- [Goal of the exercise]:
Give the number of lines in the entries below that contain "circle". Write nothing besides it.

(Dataset extract Opens)

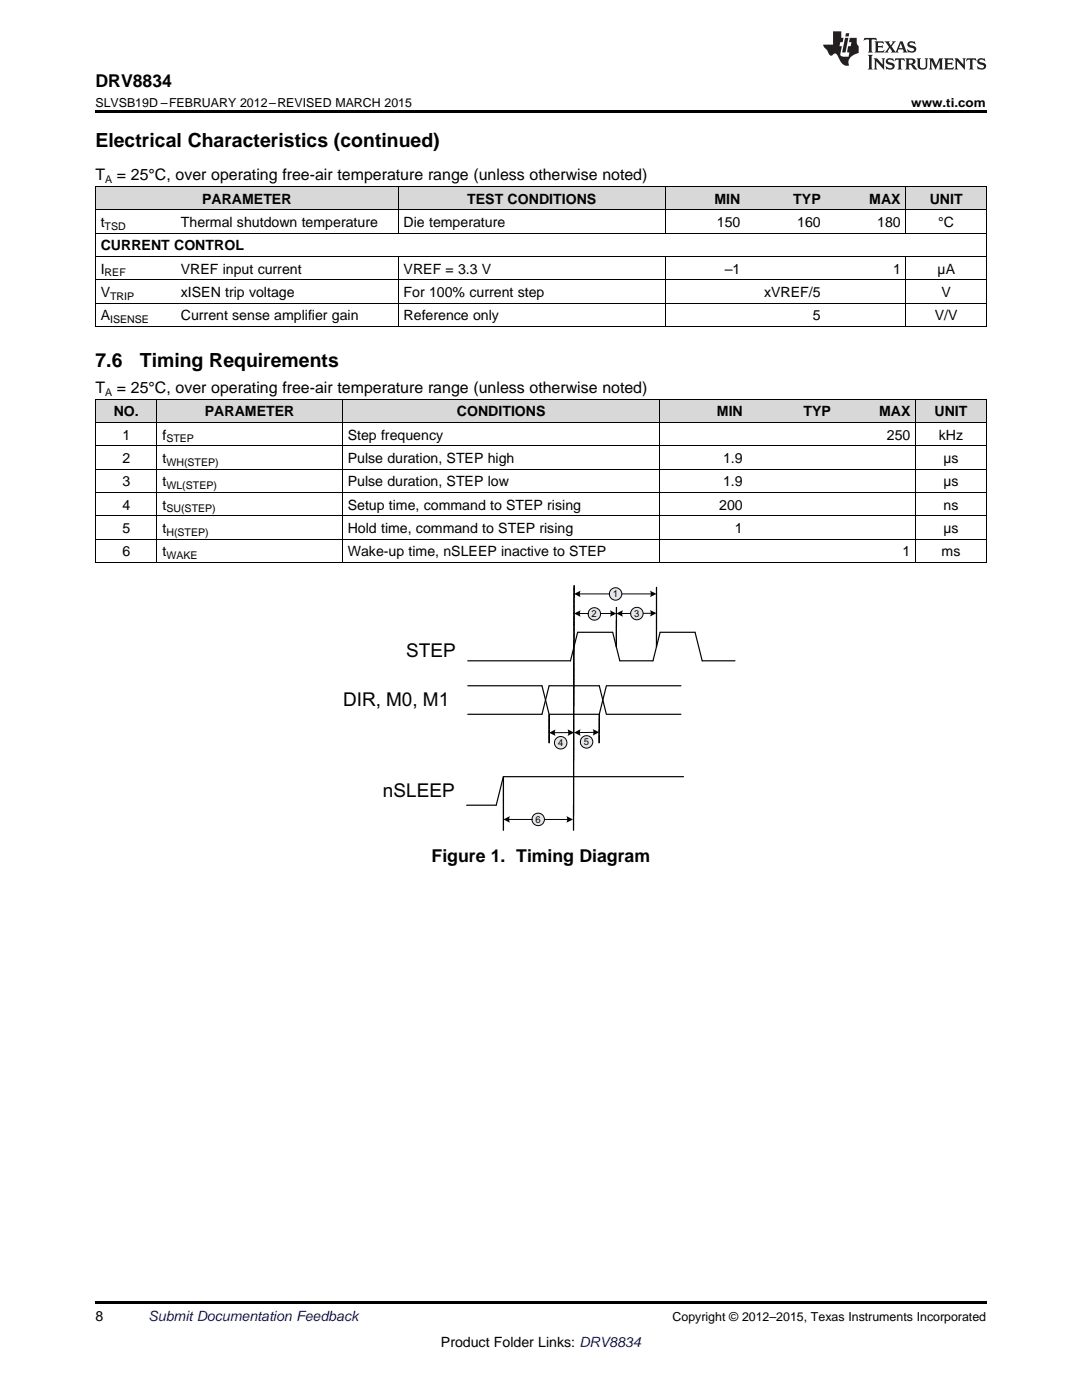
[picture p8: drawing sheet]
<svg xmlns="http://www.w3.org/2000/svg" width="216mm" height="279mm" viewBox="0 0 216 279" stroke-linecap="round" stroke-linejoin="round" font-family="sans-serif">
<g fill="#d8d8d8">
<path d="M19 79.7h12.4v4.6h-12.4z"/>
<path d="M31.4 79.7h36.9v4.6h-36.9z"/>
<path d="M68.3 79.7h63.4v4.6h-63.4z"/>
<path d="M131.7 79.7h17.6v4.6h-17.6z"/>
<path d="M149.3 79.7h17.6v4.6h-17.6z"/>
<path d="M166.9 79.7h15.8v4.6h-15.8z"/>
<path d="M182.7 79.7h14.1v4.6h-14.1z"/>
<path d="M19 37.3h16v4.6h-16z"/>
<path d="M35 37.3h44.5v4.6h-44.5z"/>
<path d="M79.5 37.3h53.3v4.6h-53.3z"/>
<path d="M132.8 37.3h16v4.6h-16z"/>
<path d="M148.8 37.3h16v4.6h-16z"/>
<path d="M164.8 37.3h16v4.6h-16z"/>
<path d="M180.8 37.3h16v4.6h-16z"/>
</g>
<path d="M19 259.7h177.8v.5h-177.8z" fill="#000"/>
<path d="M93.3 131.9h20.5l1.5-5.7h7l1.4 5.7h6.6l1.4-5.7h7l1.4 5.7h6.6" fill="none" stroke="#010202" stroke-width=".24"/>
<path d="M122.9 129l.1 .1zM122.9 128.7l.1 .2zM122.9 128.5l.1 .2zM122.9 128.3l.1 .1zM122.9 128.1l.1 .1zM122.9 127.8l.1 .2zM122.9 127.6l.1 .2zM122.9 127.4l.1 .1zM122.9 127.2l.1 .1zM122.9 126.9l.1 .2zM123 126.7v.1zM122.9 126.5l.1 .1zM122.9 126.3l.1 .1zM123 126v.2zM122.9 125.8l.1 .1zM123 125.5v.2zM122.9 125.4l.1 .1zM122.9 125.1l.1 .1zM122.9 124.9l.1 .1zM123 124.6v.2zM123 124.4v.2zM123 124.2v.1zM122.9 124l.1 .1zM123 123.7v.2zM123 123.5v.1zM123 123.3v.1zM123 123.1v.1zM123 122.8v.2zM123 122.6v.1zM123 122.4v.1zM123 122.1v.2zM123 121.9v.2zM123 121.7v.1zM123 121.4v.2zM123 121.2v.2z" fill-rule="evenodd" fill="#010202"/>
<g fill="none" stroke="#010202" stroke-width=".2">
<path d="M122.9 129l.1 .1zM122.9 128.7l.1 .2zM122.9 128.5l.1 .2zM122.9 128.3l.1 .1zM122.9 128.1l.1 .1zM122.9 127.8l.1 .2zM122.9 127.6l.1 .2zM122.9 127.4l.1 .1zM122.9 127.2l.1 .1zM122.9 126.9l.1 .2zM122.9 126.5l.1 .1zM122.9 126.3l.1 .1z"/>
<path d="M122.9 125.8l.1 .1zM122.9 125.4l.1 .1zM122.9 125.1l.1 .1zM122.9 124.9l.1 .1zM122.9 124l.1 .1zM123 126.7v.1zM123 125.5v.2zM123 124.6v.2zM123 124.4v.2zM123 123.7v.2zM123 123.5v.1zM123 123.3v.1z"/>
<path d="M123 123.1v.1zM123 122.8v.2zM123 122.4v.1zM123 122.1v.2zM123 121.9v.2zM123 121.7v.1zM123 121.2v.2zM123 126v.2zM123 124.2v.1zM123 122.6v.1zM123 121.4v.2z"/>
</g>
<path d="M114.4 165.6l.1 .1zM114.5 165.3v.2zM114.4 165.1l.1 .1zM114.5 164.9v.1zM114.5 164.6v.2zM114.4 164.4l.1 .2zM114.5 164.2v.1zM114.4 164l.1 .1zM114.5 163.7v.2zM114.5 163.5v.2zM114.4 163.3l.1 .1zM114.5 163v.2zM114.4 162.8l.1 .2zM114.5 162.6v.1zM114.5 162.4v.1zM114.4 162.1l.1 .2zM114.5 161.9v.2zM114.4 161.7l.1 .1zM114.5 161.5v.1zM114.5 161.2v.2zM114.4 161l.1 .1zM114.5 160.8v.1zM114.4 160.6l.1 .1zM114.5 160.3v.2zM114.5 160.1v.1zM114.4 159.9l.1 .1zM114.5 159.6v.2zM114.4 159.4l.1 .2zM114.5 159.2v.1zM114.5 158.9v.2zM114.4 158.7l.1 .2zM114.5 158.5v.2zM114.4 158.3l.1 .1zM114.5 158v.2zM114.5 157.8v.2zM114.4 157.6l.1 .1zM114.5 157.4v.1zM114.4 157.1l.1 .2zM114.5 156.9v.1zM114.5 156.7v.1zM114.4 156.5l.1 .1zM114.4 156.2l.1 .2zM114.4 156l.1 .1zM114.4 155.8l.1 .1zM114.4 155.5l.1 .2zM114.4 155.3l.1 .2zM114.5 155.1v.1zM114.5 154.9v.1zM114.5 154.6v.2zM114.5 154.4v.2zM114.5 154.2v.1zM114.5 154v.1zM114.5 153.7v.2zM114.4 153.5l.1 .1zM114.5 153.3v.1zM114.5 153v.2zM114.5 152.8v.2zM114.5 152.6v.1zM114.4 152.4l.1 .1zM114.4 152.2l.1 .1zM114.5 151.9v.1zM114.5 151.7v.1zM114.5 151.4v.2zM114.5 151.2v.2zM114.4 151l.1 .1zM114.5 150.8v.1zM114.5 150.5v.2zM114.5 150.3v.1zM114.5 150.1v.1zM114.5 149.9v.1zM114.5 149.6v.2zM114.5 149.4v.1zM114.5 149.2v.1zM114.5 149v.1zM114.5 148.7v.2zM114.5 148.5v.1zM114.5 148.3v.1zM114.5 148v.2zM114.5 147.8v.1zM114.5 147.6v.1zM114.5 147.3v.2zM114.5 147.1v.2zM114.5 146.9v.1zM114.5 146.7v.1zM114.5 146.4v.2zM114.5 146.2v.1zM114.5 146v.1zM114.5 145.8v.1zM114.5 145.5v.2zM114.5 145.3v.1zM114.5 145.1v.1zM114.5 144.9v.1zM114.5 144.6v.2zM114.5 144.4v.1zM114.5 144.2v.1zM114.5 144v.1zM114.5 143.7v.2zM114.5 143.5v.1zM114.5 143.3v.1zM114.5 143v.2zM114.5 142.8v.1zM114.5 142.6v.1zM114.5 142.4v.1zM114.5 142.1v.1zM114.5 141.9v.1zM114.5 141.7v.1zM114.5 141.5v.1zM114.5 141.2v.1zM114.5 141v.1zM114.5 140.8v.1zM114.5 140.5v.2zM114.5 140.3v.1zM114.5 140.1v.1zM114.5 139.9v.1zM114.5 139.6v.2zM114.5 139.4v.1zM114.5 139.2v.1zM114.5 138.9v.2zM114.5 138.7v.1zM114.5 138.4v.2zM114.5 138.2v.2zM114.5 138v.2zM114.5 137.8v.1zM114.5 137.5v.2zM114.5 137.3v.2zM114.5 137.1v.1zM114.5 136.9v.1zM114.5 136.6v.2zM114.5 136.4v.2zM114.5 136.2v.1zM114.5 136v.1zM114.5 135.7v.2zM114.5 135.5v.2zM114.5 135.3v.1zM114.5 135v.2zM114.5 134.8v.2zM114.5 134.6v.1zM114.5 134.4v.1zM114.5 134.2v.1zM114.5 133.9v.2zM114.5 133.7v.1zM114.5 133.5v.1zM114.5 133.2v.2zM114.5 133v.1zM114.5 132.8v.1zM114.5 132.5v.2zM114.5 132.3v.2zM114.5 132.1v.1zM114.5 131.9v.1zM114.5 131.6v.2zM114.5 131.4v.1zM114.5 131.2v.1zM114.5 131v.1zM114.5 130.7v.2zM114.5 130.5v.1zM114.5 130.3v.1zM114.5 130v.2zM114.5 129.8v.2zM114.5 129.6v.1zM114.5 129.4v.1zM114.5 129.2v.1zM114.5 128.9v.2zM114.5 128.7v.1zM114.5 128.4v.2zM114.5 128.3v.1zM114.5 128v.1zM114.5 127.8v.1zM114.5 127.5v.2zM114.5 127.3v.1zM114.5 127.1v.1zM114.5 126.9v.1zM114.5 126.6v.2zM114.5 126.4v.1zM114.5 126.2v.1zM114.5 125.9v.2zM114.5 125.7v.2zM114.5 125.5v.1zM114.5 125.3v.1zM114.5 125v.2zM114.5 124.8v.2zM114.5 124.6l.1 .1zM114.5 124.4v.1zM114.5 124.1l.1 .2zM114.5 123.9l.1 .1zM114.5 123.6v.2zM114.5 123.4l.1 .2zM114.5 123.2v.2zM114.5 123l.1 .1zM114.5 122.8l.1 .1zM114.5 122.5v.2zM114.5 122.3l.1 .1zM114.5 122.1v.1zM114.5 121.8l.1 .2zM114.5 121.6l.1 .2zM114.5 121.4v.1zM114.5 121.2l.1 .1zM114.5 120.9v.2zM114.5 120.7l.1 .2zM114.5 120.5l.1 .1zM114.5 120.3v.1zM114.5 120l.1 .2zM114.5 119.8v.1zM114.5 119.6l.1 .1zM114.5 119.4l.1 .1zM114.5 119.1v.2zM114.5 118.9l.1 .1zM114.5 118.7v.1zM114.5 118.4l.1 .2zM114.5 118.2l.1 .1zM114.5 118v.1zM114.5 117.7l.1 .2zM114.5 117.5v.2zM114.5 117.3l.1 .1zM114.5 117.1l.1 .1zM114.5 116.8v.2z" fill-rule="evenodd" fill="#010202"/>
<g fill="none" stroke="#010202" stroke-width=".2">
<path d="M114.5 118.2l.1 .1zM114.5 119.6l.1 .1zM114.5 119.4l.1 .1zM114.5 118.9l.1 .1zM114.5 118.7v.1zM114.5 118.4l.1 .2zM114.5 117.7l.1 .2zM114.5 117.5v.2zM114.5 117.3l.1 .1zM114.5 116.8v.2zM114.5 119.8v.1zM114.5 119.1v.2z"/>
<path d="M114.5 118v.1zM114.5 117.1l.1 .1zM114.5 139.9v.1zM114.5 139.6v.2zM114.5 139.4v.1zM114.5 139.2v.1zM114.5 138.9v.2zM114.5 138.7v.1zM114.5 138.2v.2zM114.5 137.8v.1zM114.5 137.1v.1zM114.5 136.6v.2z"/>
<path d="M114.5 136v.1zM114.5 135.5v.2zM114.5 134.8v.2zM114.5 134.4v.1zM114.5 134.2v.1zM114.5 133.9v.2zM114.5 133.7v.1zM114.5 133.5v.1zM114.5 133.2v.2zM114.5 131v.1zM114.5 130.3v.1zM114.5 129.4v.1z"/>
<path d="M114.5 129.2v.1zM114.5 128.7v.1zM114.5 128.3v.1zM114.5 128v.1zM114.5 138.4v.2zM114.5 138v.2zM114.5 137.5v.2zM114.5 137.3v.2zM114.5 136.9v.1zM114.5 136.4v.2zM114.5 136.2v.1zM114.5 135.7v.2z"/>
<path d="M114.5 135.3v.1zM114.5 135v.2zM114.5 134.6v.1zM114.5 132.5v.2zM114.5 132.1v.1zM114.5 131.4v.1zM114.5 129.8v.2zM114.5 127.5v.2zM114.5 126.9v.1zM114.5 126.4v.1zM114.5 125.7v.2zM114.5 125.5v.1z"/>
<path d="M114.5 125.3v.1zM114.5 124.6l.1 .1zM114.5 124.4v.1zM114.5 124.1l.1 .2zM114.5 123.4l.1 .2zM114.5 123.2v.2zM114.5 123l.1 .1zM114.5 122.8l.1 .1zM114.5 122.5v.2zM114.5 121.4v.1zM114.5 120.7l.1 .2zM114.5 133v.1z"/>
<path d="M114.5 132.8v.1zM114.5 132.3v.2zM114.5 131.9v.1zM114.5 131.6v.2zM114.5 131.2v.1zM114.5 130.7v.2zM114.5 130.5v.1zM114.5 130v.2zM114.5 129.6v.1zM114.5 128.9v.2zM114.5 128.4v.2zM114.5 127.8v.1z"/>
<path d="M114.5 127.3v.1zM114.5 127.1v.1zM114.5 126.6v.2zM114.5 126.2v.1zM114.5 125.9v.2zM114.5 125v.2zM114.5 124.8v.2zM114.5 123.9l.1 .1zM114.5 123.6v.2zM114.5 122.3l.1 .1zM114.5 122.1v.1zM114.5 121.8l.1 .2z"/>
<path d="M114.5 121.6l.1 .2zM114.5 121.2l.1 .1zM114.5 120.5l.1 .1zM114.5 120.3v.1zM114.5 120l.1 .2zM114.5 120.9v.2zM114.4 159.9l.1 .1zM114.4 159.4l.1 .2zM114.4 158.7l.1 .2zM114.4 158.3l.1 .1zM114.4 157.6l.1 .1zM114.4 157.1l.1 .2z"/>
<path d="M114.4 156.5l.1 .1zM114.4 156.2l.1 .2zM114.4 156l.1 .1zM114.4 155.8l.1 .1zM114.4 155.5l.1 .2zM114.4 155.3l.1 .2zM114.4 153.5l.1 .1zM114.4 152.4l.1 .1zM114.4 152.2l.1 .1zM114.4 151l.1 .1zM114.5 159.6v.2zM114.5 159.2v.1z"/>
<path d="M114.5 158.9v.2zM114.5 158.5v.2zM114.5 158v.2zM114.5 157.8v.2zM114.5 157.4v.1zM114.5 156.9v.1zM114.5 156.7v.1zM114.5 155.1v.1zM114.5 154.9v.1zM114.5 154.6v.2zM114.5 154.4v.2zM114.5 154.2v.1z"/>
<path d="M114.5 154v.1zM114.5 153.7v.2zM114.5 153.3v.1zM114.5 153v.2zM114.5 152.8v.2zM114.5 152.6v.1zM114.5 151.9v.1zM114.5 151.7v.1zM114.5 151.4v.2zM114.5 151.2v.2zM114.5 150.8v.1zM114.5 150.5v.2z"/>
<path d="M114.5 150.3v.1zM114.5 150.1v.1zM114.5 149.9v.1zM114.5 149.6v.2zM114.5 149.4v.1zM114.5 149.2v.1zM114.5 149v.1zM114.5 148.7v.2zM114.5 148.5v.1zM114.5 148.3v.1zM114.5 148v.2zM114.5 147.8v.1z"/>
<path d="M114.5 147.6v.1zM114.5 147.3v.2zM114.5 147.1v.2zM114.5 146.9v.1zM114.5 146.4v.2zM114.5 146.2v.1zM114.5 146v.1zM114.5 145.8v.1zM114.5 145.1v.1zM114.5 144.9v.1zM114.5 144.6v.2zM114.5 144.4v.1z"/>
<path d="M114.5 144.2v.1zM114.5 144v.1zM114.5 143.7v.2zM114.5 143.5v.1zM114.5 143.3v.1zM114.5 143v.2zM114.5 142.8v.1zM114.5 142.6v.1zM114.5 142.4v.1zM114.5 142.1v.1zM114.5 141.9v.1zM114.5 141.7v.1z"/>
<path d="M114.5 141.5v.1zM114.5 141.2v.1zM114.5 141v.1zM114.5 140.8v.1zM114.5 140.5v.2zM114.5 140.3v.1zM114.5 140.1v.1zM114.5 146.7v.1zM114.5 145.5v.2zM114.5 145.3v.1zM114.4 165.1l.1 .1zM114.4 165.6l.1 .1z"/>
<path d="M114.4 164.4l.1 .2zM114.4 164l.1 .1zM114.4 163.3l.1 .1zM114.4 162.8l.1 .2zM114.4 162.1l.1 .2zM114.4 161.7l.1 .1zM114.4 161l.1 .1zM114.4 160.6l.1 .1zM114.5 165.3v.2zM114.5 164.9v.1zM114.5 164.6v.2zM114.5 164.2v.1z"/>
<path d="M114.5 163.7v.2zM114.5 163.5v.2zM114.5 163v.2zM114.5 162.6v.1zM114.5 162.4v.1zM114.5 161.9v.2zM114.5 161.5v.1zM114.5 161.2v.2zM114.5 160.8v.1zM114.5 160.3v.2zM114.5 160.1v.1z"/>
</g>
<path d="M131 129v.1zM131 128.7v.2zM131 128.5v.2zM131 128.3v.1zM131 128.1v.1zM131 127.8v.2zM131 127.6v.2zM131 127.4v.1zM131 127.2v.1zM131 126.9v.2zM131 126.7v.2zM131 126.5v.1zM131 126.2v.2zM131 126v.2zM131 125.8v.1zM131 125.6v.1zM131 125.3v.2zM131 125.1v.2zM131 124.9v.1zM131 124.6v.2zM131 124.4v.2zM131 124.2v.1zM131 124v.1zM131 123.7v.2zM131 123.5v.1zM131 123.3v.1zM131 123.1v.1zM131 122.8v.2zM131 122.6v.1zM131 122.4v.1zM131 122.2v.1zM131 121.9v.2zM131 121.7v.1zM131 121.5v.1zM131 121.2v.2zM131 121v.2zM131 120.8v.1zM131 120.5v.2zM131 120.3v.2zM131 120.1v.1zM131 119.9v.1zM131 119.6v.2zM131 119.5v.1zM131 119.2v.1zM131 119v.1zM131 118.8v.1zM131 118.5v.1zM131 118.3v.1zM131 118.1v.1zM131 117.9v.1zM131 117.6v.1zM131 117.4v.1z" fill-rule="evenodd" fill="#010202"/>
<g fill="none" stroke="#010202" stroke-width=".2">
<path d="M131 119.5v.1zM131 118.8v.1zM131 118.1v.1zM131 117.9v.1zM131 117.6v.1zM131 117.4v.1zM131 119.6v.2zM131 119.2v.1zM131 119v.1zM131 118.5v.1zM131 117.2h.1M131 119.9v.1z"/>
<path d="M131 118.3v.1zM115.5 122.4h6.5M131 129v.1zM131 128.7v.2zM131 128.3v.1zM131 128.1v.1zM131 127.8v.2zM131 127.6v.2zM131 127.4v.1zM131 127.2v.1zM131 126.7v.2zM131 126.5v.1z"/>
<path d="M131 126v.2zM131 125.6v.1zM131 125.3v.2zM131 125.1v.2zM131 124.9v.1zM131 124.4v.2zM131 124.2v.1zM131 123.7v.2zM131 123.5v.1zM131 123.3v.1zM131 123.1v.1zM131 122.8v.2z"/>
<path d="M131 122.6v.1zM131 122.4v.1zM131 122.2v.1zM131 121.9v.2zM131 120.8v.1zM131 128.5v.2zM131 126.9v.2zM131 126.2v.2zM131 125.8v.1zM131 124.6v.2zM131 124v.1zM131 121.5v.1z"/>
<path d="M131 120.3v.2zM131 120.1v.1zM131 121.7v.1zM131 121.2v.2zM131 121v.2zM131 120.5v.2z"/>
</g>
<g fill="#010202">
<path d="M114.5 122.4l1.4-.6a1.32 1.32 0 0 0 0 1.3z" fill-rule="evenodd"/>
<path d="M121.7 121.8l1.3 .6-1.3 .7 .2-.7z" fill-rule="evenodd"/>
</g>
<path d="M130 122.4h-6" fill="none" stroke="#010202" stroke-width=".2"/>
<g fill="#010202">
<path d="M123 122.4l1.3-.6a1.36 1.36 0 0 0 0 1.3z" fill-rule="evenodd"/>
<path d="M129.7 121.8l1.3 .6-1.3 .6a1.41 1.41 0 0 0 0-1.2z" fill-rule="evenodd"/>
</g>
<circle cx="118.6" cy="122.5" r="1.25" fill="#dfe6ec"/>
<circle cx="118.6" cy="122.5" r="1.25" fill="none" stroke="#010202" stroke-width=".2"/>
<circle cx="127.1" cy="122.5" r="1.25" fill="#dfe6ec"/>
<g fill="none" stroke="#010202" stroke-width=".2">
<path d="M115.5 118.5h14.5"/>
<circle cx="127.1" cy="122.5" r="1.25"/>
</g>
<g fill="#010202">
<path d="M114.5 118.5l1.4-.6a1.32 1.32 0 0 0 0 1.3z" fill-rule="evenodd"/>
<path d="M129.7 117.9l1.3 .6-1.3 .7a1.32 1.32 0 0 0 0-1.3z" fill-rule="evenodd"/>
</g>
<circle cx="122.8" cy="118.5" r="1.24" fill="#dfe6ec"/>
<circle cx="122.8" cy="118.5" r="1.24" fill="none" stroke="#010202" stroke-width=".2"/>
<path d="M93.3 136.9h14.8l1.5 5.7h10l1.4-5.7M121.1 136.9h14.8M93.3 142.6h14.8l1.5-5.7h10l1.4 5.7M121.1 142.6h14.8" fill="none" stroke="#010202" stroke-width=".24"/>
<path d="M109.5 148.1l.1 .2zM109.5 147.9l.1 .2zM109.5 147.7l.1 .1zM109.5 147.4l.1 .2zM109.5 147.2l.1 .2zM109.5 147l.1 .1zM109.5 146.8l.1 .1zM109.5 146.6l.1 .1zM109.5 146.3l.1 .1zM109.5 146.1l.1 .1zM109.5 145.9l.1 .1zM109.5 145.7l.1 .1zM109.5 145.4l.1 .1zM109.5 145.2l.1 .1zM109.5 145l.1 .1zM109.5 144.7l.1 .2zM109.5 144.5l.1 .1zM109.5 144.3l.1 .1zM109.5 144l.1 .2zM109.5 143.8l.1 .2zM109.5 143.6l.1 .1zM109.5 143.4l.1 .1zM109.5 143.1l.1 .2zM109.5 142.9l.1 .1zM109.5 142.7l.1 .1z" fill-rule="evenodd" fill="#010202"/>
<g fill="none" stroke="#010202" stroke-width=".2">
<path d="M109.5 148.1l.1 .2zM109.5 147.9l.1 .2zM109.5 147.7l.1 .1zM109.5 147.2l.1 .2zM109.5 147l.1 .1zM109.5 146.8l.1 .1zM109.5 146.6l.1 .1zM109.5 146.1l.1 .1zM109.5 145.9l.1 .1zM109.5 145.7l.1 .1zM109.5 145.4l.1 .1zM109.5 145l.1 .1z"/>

(Dataset extract Closes)

- [Solved problem]:
6